My friends asked me why go to the Middle East? It’s hot, it’s dangerous. And it was hot, but it was a trip of a lifetime. The anger, the unthinkable gall of people to take over the land, and the fact that the United States continues to fund the army, the society of Israel, how could they, the gall.

Maria Isabel Elgueta, who is a licensed clinical social worker practicing in the East Los Angeles area schools. Born and raised in Chile, she attended graduate school at UCLA. She loves traveling and learning about other cultures.

The trip to Israel and occupied Palestine in July verified what I had read in preparation for this visit, my very first to the Middle East.

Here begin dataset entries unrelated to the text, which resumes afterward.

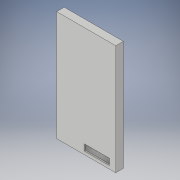
# Autodesk Inventor part: Smart Lock Box Top Correct
Saved by Autodesk Inventor 2019.3 (Build 233278000, 278)
## iProperties
Created: 2019-04-11
Part Number: Smart Lock Box Top Correct
Material: Generic
Document SubType Name: Modeling
Designer: grego
Density: 1 g/cm^3
Appearance: Default
Author: grego
Autodesk Inventor part; units mm, degrees
ref_plane "YZ Plane" through (0, 0, 0) normal (1, 0, 0) x (0, 1, 0)
ref_plane "XZ Plane" through (0, 0, 0) normal (0, 1, 0) x (-1, 0, 0)
ref_plane "XY Plane" through (0, 0, 0) normal (0, 0, 1) x (1, 0, 0)
sketch "Sketch1" plane through (0, 0, 0) normal (0, 0, 1) x (1, 0, 0)
  line L0 (-52.798, 44.3503) -> (-52.798, -78.5857)
  line L1 (-52.798, -78.5857) -> (13.242, -78.5857)
  line L2 (13.242, -78.5857) -> (13.242, 44.3503)
  line L3 (13.242, 44.3503) -> (-52.798, 44.3503)
  point P0 (0, 0)
  dimension "d0" = 122.936
  dimension "d1" = 66.04
  constraints: 8 end point, 3 perpendicular, 1 vertical
  measures "d0" distance between parallel lines of L1 L3
  measures "d1" distance between parallel lines of L2 L0
extrude "Extrusion1" add sketch "Sketch1" against normal blind 8.5
sketch "Sketch2" plane through (0, 0, -8.5) normal (0, 0, -1) x (-1, 0, 0)
  line L0 (-11.242, 42.3503) -> (50.798, 42.3503)
  line L1 (50.798, 42.3503) -> (50.798, -76.5857)
  line L2 (50.798, -76.5857) -> (-11.242, -76.5857)
  line L3 (-11.242, -76.5857) -> (-11.242, 42.3503)
  line L4 (52.798, 44.3503) -> (-13.242, 44.3503) projected
  line L5 (52.798, -78.5857) -> (52.798, 44.3503) projected
  line L6 (-13.242, 44.3503) -> (-13.242, -78.5857) projected
  line L7 (-13.242, -78.5857) -> (52.798, -78.5857) projected
  point P0 (0, 0)
  constraints: 8 end point, 2 parallel, 1 horizontal, 1 perpendicular
extrude "Extrusion2" cut sketch "Sketch2" against normal blind 7 contours L0 L1 L2 L3
sketch "Sketch3" plane through (0, 0, -1.5) normal (0, 0, -1) x (-1, 0, 0)
  line L0 (-6.162, -68.0617) -> (21.838, -68.0617)
  line L1 (21.838, -68.0617) -> (21.838, -75.0617)
  line L2 (21.838, -75.0617) -> (-6.162, -75.0617)
  line L3 (-6.162, -75.0617) -> (-6.162, -68.0617)
  line L4 (-11.242, -76.5857) -> (-11.242, 42.3503) projected
  line L5 (50.798, -76.5857) -> (-11.242, -76.5857) projected
  point P0 (0, 0)
  dimension "d10" = 5.08
  dimension "d11" = 28
  dimension "d12" = 1.524
  dimension "d13" = 7
  constraints: 8 end point, 2 parallel, 1 horizontal, 1 perpendicular
  measures "d10" distance between parallel lines of L3 L4
  measures "d11" distance between parallel lines of L1 L3
  measures "d12" distance between parallel lines of L5 L2
  measures "d13" distance between parallel lines of L2 L0
extrude "Extrusion3" cut sketch "Sketch3" against normal blind 1.5
body "Solid1"
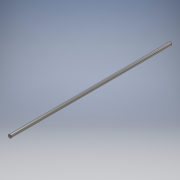
# Autodesk Inventor part: fc17-140
Saved by Autodesk Inventor 2017.1 (Build 211199000, 199)
## iProperties
Category: Miscellaneous
Company: Autodesk Inc.
Created: 2016-12-21
Part Number: fc17-140
Material: Stainless Steel
Document SubType Name: Modeling
Designer: Autodesk Inc.
Density: 8 g/cm^3
Appearance: Semi-Polished
Catalog Web Link: https://us.misumi-ec.com/vona2/detail/110300086920/?HissuCode=SSFHR10-%5B15-600%2F0.1%5D&PNSearch=SSFHR10-500&CategorySpec=00000029631%3A%3A500&KWSearch=SSFHR10-500&Keyword=SSFHR10-500&searchFlow=results2products&Keyword=SSFHR10-500
Vendor: AndyMark Inc
Author: Autodesk Inc.
Title: SSFHR10-500
Keywords: FIRST Choice
Autodesk Inventor part; units mm, degrees
ref_plane "YZ Plane" through (0, 0, 0) normal (1, 0, 0) x (0, 1, 0)
ref_plane "XZ Plane" through (0, 0, 0) normal (0, 1, 0) x (-1, 0, 0)
ref_plane "XY Plane" through (0, 0, 0) normal (0, 0, 1) x (1, 0, 0)
sketch "Sketch1" plane through (0, 0, 0) normal (0, 1, 0) x (-1, 0, 0)
  circle A0 centre (0, 0) radius 5
  dimension "d0" = 10
  constraints: 1 centre point, 1 coincident
  measures "d0" diameter of A0
extrude "Extrusion1" add sketch "Sketch1" against normal blind 500
chamfer "Chamfer1" distance 0.5 angle 45 2 edges at (5, 0, 0) (5, -500, 0)
body "Solid1"
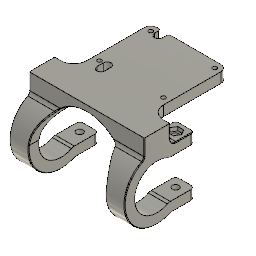
Screen Mount Assembly v8 (Autodesk Fusion 360 archive; units mm, degrees)
design "Mount"
Autodesk Fusion 360 part; units mm, degrees
note: some values were not read from the file. Set by a fixed rule: which face or edge a step refers to.
(part 1 of 2)
sketch "Sketch1" plane through (0, 0, -22.5) normal (0, 0, -1) x (1, 0, 0)
  circle A0 centre (-25, -20) radius 1.65
  circle A1 centre (25, 20) radius 1.65
  circle A2 centre (-25, 20) radius 1.65
  circle A3 centre (25, -20) radius 1.65
  circle A4 centre (25, 20) radius 5
  circle A5 centre (-25, 20) radius 5
  circle A6 centre (-25, -20) radius 5
  circle A7 centre (25, -20) radius 5
  line L0 (-25, -25) -> (25, -25)
  line L1 (30, -20) -> (30, 55)
  line L2 (30, 55) -> (-30, 55)
  line L3 (-30, 55) -> (-30, -20)
  line L4 (0, 0) -> (0, -45.9307) construction
  line L5 (0, 0) -> (62.0132, 0) construction
  dimension "d91" = 10
  dimension "d1" = 50
  dimension "d2" = 40
  dimension "d3" = 3.3
  dimension "d4" = 55
  constraint concentric A1 A4
  constraint concentric A2 A5
  constraint equal A4 A5
  constraint concentric A0 A6
  constraint concentric A3 A7
  constraint equal A4 A7
  constraint equal A4 A6
  constraint coincident A6 L0.start
  constraint coincident A7 L0.end
  constraint tangent A7 L0
  constraint tangent A6 L0
  constraint coincident A7 L1.start
  constraint tangent A7 L1
  constraint coincident A6 L3.end
  constraint tangent A6 L3
  constraint tangent A5 L3
  constraint tangent A4 L1
  constraint coincident L4.start L5.start
  constraint vertical L4
  constraint symmetric A0 A3 L4
  constraint symmetric A1 A2 L4
  constraint perpendicular L4 L5
  constraint symmetric A4 A7 L5
  constraint equal A1 A3
  constraint horizontal L2
  measures "d91" diameter of A4
  measures "d1" distance of A0.centre A3.centre
  measures "d2" distance of A1.centre A3.centre
  measures "d3" diameter of A3
  measures "d4" distance of L2 L5
extrude "Extrude1" add sketch "Sketch1" along normal blind 8 contours A4 | A5 | A6 A7 L0 L1 L2 L3 | A7 | A6
sketch "Sketch2" plane through (0, 0, -22.5) normal (0, 0, 1) x (-1, 0, 0)
  circle A0 centre (-25, -20) radius 1.65
  circle A1 centre (25, 20) radius 1.65
  circle A2 centre (25, -20) radius 1.65
  circle A3 centre (-25, 20) radius 1.65
  line L0 (30, -20) -> (30, 55)
  line L1 (30, 55) -> (-30, 55)
  line L2 (-30, 55) -> (-30, -20)
  arc A4 (-30, -20) -> (-25, -25) centre (-25, -20) ccw
  line L3 (-25, -25) -> (25, -25)
  arc A5 (25, -25) -> (30, -20) centre (25, -20) ccw
  line L4 (-30, 35) -> (-45, 35)
  line L5 (-45, 35) -> (-45, 55)
  line L6 (-45, 55) -> (-30, 55)
  line L7 (30, 55) -> (45, 55)
  line L8 (45, 55) -> (45, 35)
  line L9 (45, 35) -> (30, 35)
  line L10 (0, 55) -> (0, -10) construction
  dimension "d96" = 15
  dimension "d97" = 20
  constraint coincident L2 L4.start
  constraint perpendicular L2 L4
  constraint perpendicular L4 L5
  constraint coincident L1.end L2.start
  constraint perpendicular L2 L6
  constraint coincident L0.end L1.start
  constraint perpendicular L0 L7
  constraint perpendicular L7 L8
  constraint coincident L0 L9.end
  constraint perpendicular L0 L9
  constraint collinear L4 L9
  constraint midpoint L1 L10.start
  constraint perpendicular L1 L10
  constraint symmetric L5 L8 L10
  measures "d96" distance of L5.end L1.end
  measures "d97" distance of L4 L6
extrude "Extrude2" add sketch "Sketch2" against normal up to surface (8 mm away) contours L0 L7 L8 L9 | L2 L4 L5 L6
sketch "Sketch3" plane through (45, 0, 0) normal (1, 0, 0) x (0, 1, 0)
  line L0 (-55, -30.5) -> (-35, -30.5)
  line L1 (-35, -30.5) -> (-35, -22.5)
  line L2 (-35, -22.5) -> (-55, -22.5)
  line L3 (-55, -22.5) -> (-55, -30.5)
  circle A0 centre (-45, -60.5) radius 17.5
  circle A1 centre (-45, -60.5) radius 25.5
  line L4 (-35.9861, -45.5) -> (-15.5, -45.5)
  line L5 (-35.9861, -75.5) -> (-15.5, -75.5)
  line L6 (-27.5, -45.5) -> (-27.5, -75.5)
  line L7 (-45, -60.5) -> (22.9715, -60.5) construction
  line L8 (-55, -30.5) -> (-55, -37.0426)
  line L9 (-35, -30.5) -> (-35, -37.0426)
  line L10 (-45, -30.5) -> (-45, -60.5) construction
  line L11 (-33.9886, -37.5) -> (-15.5, -37.5)
  line L12 (-15.5, -37.5) -> (-15.5, -45.5)
  line L13 (-33.9886, -83.5) -> (-15.5, -83.5)
  line L14 (-15.5, -83.5) -> (-15.5, -75.5)
  dimension "d100" = 35
  dimension "d101" = 8
  dimension "d102" = 30
  dimension "d103" = 30
  dimension "d104" = 8
  dimension "d105" = 12
  constraint concentric A0 A1
  constraint coincident A0 L4.start
  constraint coincident A0 L5.start
  constraint horizontal L5
  constraint coincident L4 L6.start
  constraint coincident L5 L6.end
  constraint tangent A0 L6
  constraint vertical L6
  constraint coincident A0.centre A1.centre
  constraint horizontal L7
  constraint symmetric L4 L5 L7
  constraint coincident L0.start L3.end
  constraint coincident A1 L8.end
  constraint perpendicular L0 L8
  constraint coincident L0.end L1.start
  constraint coincident A1 L9.end
  constraint perpendicular L0 L9
  constraint midpoint L0 L10.start
  constraint perpendicular L0 L10
  constraint coincident A1 L11.start
  constraint parallel L4 L11
  constraint coincident A1 L13.start
  constraint perpendicular L12 L13
  constraint perpendicular L13 L14
  constraint collinear L12 L14
  constraint equal L12 L14
  measures "d100" diameter of A0 L7
  measures "d101" distance of A0 A1
  measures "d102" distance of L0 A0.centre
  measures "d103" distance of L4 L5
  measures "d104" distance of L4 L11
  measures "d105" distance of L6 L12
extrude "Extrude3" add sketch "Sketch3" against normal up to surface (90 mm away) contours L0 A1 L8 L9 | A0 A1 L4 L5 | A1 L5 L13 L14 | A1 L4 L11 L12
sketch "Sketch4" plane through (0, 0, -83.5) normal (0, 0, -1) x (1, 0, 0)
  circle A0 centre (37.5, 23) radius 2.65
  circle A1 centre (-37.5, 23) radius 2.65
  line L0 (0, 15.5) -> (0, 31.5) construction
  line L1 (-45, 33.9886) -> (-45, 15.5)
  line L2 (-45, 15.5) -> (45, 15.5)
  line L3 (45, 15.5) -> (45, 33.9886)
  line L4 (45, 33.9886) -> (-45, 33.9886)
  dimension "d109" = 5.3
  dimension "d25" = 7.5
  dimension "d26" = 7.5
  constraint symmetric A0 A1 L0
  constraint midpoint L0.start L2
  constraint perpendicular L0 L2
  measures "d109" diameter of A0
  measures "d25" distance of A0.centre L3
  measures "d26" distance of A0.centre L2
extrude "Extrude4" cut sketch "Sketch4" against normal up to surface (46 mm away) contours A0 | A1
sketch "Sketch7" plane through (0, 0, -37.5) normal (0, 0, 1) x (-1, 0, 0)
  circle A0 centre (-37.5, 23) radius 2.65
  circle A1 centre (37.5, 23) radius 2.65
  line L0 (45, 15.5) -> (45, 33.9886)
  line L1 (45, 33.9886) -> (-45, 33.9886)
  line L2 (-45, 33.9886) -> (-45, 15.5)
  line L3 (-45, 15.5) -> (45, 15.5)
  line L4 (35.1906, 27) -> (32.8812, 23)
  line L5 (32.8812, 23) -> (35.1906, 19)
  line L6 (35.1906, 19) -> (39.8094, 19)
  line L7 (39.8094, 19) -> (42.1188, 23)
  line L8 (42.1188, 23) -> (39.8094, 27)
  line L9 (39.8094, 27) -> (35.1906, 27)
  line L10 (-39.8094, 27) -> (-42.1188, 23)
  line L11 (-42.1188, 23) -> (-39.8094, 19)
  line L12 (-39.8094, 19) -> (-35.1906, 19)
  line L13 (-35.1906, 19) -> (-32.8812, 23)
  line L14 (-32.8812, 23) -> (-35.1906, 27)
  line L15 (-35.1906, 27) -> (-39.8094, 27)
  point P0 (37.5, 23)
  point P1 (-37.5, 23)
  dimension "d5" = 4
  constraint coincident P0 A1.centre
  constraint coincident A0.centre P1
  constraint horizontal L9
  constraint equal L9 L15
  constraint horizontal L15
  measures "d5" distance of P0 L9
extrude "Extrude5" cut sketch "Sketch7" against normal blind 3 contours L4 L5 L6 L7 L8 L9 | L10 L11 L12 L13 L14 L15
sketch "Sketch6" plane through (0, -55, 0) normal (0, -1, 0) x (1, 0, 0)
  line L0 (45, -22.5) -> (-45, -22.5)
  line L1 (-45, -22.5) -> (-45, -37.0426)
  line L2 (-45, -37.0426) -> (45, -37.0426)
  line L3 (45, -37.0426) -> (45, -22.5)
  line L4 (30, -30.5) -> (30, -91.7665)
  line L5 (45, -83.5) -> (45, -37.0426)
  line L6 (-30, -30.5) -> (-30, -95.0335)
  line L7 (-45, -80.5) -> (-45, -37.0426)
  line L8 (30, -30.5) -> (-30, -30.5)
  line L9 (-30, -30.5) -> (-25, -30.5)
  line L10 (-25, -30.5) -> (25, -30.5)
  line L11 (25, -30.5) -> (30, -30.5)
  line L12 (26.65, -30.5) -> (23.35, -30.5)
  line L13 (-23.35, -30.5) -> (-26.65, -30.5)
  line L14 (-23.35, -30.5) -> (-26.65, -30.5)
  line L15 (26.65, -30.5) -> (23.35, -30.5)
  arc A0 (30, -57.5) -> (-30, -57.5) centre (0, -57.5) ccw
  line L16 (40.15, -83.5) -> (34.85, -83.5)
  line L17 (-34.85, -83.5) -> (-40.15, -83.5)
  line L18 (-45, -83.5) -> (45, -83.5)
  line L19 (45, -83.5) -> (-45, -83.5)
  line L20 (-16.1649, -27.5) -> (17, -27.5) construction
  dimension "d31" = 3
  constraint coincident L2.end L3.start
  constraint coincident L1.end L2.start
  constraint perpendicular L2 L7
  constraint coincident L4.start L8.start
  constraint vertical L4
  constraint coincident L6.start L8.end
  constraint vertical L6
  constraint coincident L4 A0.start
  constraint tangent L6 A0
  constraint tangent L4 A0
  constraint coincident L6 A0.end
  constraint coincident L5.start L18.end
  constraint horizontal L20
  constraint tangent A0 L20
  measures "d31" distance of L8 L20
extrude "Extrude6" cut sketch "Sketch6" along normal blind 15.5 and the other way up to surface (39.5 mm away) contours L2 L4 L6 A0 L18 L19 | L2 L8 L10 A0 | L8 L10 A0
extrude "Extrude7" cut 1 faces at (-10, -41.3295, -83.5) along direction (0, 0, -1) blind 15
sketch "Sketch10" plane through (0, 0, -30.5) normal (0, 0, -1) x (1, 0, 0)
  line L0 (-13.0767, 35) -> (-30, 35)
  line L1 (-30, 35) -> (-30, -20)
  arc A0 (-30, -20) -> (-25, -25) centre (-25, -20) ccw
  line L2 (-25, -25) -> (25, -25)
  arc A1 (25, -25) -> (30, -20) centre (25, -20) ccw
  line L3 (30, -20) -> (30, 35)
  line L4 (30, 35) -> (13.0767, 35)
  circle A2 centre (-25, -20) radius 1.65
  circle A3 centre (25, 20) radius 1.65
  circle A4 centre (25, -20) radius 1.65
  circle A5 centre (-25, 20) radius 1.65
  line L5 (-13.0767, 15.5) -> (-13.0767, 35)
  line L6 (13.0767, 35) -> (13.0767, 15.5)
  line L7 (13.0767, 15.5) -> (-13.0767, 15.5)
extrude "Extrude9" cut sketch "Sketch10" along normal up to surface (53 mm away) contours L0 L1 A0 L2 A1 L3 L4 L5 L6 L7 | A2 | A3 | A4 | A5
fillet "Fillet1" radius 5 4 edges at (-37.5, -35.9861, -75.5) (37.5, -35.9861, -75.5) (-36.2477, -35.9861, -45.5) (36.2477, -35.9861, -45.5)
fillet "Fillet3" radius 5 4 edges at (37.5, -33.9886, -37.5) (-37.5, -33.9886, -37.5) (37.5, -35, -37.0426) (-37.5, -35, -37.0426)
fillet "Fillet3" radius 3 2 edges at (37.5, -33.9886, -83.5) (-37.5, -33.9886, -83.5)
fillet "Fillet3" radius 3 3 edges at (33.4715, -55, -37.0426) (-33.4715, -55, -37.0426) (33.4715, -55, -37.0426)
fillet "Fillet2" radius 5 2 edges at (-21.5383, -35, -30.5) (21.5383, -35, -30.5)
fillet "Fillet2" radius 10 2 edges at (-30, -35, -26.5) (30, -35, -26.5)
fillet "Fillet5" radius 3 6 edges at (-45, -15.5, -79.5) (-30, -15.5, -79.5) (45, -15.5, -79.5) (30, -15.5, -79.5) (45, -15.5, -41.5) (-45, -15.5, -41.5)
fillet "Fillet5" radius 3 2 edges at (-30, -15.5, -41.5) (30, -15.5, -41.5)
fillet "Fillet7" radius 2 4 edges at (-30, -35, -40.4953) (-30, -34.9421, -34.7412) (30, -34.9421, -34.7412) (30, -35, -40.4953)
fillet "Fillet8" radius 0.5 47 edges at (45, -55, -28.8188) (45, -55.4402, -36.702) (45, -67.9856, -71.5414) (45, -33.9557, -83.5665) (45, -25.9137, -83.5) (44.1213, -16.3787, -83.5) (37.5, -15.5, -83.5) (30.8787, -16.3787, -83.5) (30, -25.9137, -83.5) (30, -33.9557, -83.5665) (30, -60.0925, -81.054) (27.5466, -65.7069, -45.6182) (21.5129, -55.3759, -36.5909) (0, -55, -27.5) (-21.5129, -55.3759, -36.5909) (-27.5466, -65.7069, -45.6182) (-30, -60.0925, -81.054) (-30, -33.9557, -83.5665) (-30, -25.9137, -83.5) (-30.8787, -16.3787, -83.5) (-37.5, -15.5, -83.5) (-44.1213, -16.3787, -83.5) (-45, -25.9137, -83.5) (-45, -33.9557, -83.5665) (-45, -67.9856, -71.5414) (-45, -55.4402, -36.702) (-45, -55, -28.8188) (45, -35, -27.5) (45, -33.5355, -36.0355) (45, -24.25, -37.5) (44.1213, -16.3787, -37.5) (37.5, -15.5, -37.5) (30.8787, -16.3787, -37.5) (30, -24.25, -37.5) (30, -31.5811, -37.2434) (29.9254, -33.5435, -36.0277) (29.027, -34.6, -34.4596) (-45, -35, -27.5) (-45, -33.5355, -36.0355) (-45, -24.25, -37.5) (-44.1213, -16.3787, -37.5) (-37.5, -15.5, -37.5) (-30.8787, -16.3787, -37.5) (-30, -24.25, -37.5) (-30, -31.5811, -37.2434) (-29.9254, -33.5435, -36.0277) (-29.0637, -34.5848, -34.4949)
sketch "Sketch8" plane through (0, 0, -22.5) normal (0, 0, 1) x (-1, 0, 0)
  line L0 (-44.5, 35) -> (-40, 35)
  arc A0 (-30, 25) -> (-40, 35) centre (-40, 25) ccw
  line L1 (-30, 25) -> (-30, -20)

The checkpoint system was a total turn-off; I saw Palestinians, young and old, standing in long lines to access their own land. They waited for hours under the sun, while the Israeli staff, under air conditioning, were killing time and acting grandiose. Their clear intention was to show who is in charge. At a checkpoint in one of the villages we were asked, “Christians or Muslims?”

The biggest outrage, though, is the continuing extension of illegal Israeli settlements on Palestinian lands, usually on hilltops. The Israeli government, their settlers and their supporters, have no regard for property laws and have destroyed Palestinian homes and orchards, causing tremendous damage and suffering to countless families, including children and the elderly.

The miles and miles of walls isolating Palestinian communities are terribly offensive to the eye and the soul; it is a system of apartheid. Did they forget about the ghettos of Europe?

It was hurtful to see children in a village near Hebron going with containers in hand to pick up soup to feed their families, because the settlers and the politics of terror destroyed their local economy.

I grew tired of the noise from Israeli jet bombers cruising the Palestinian skies, and in my mind I said, “Una vez mas, aqui van los matones” [“Once again, here come the murderers”].

I feel pained by what Palestinians are enduring; as a Chilean, I know well what happens when human rights don’t count and there is abuse of power; we witnessed it all over.

The religious rhetoric and the politics of greed mixes in a very ugly way in the Middle East. Contributing millions and millions of dollars to the Israeli coffers every year makes us partners in crime.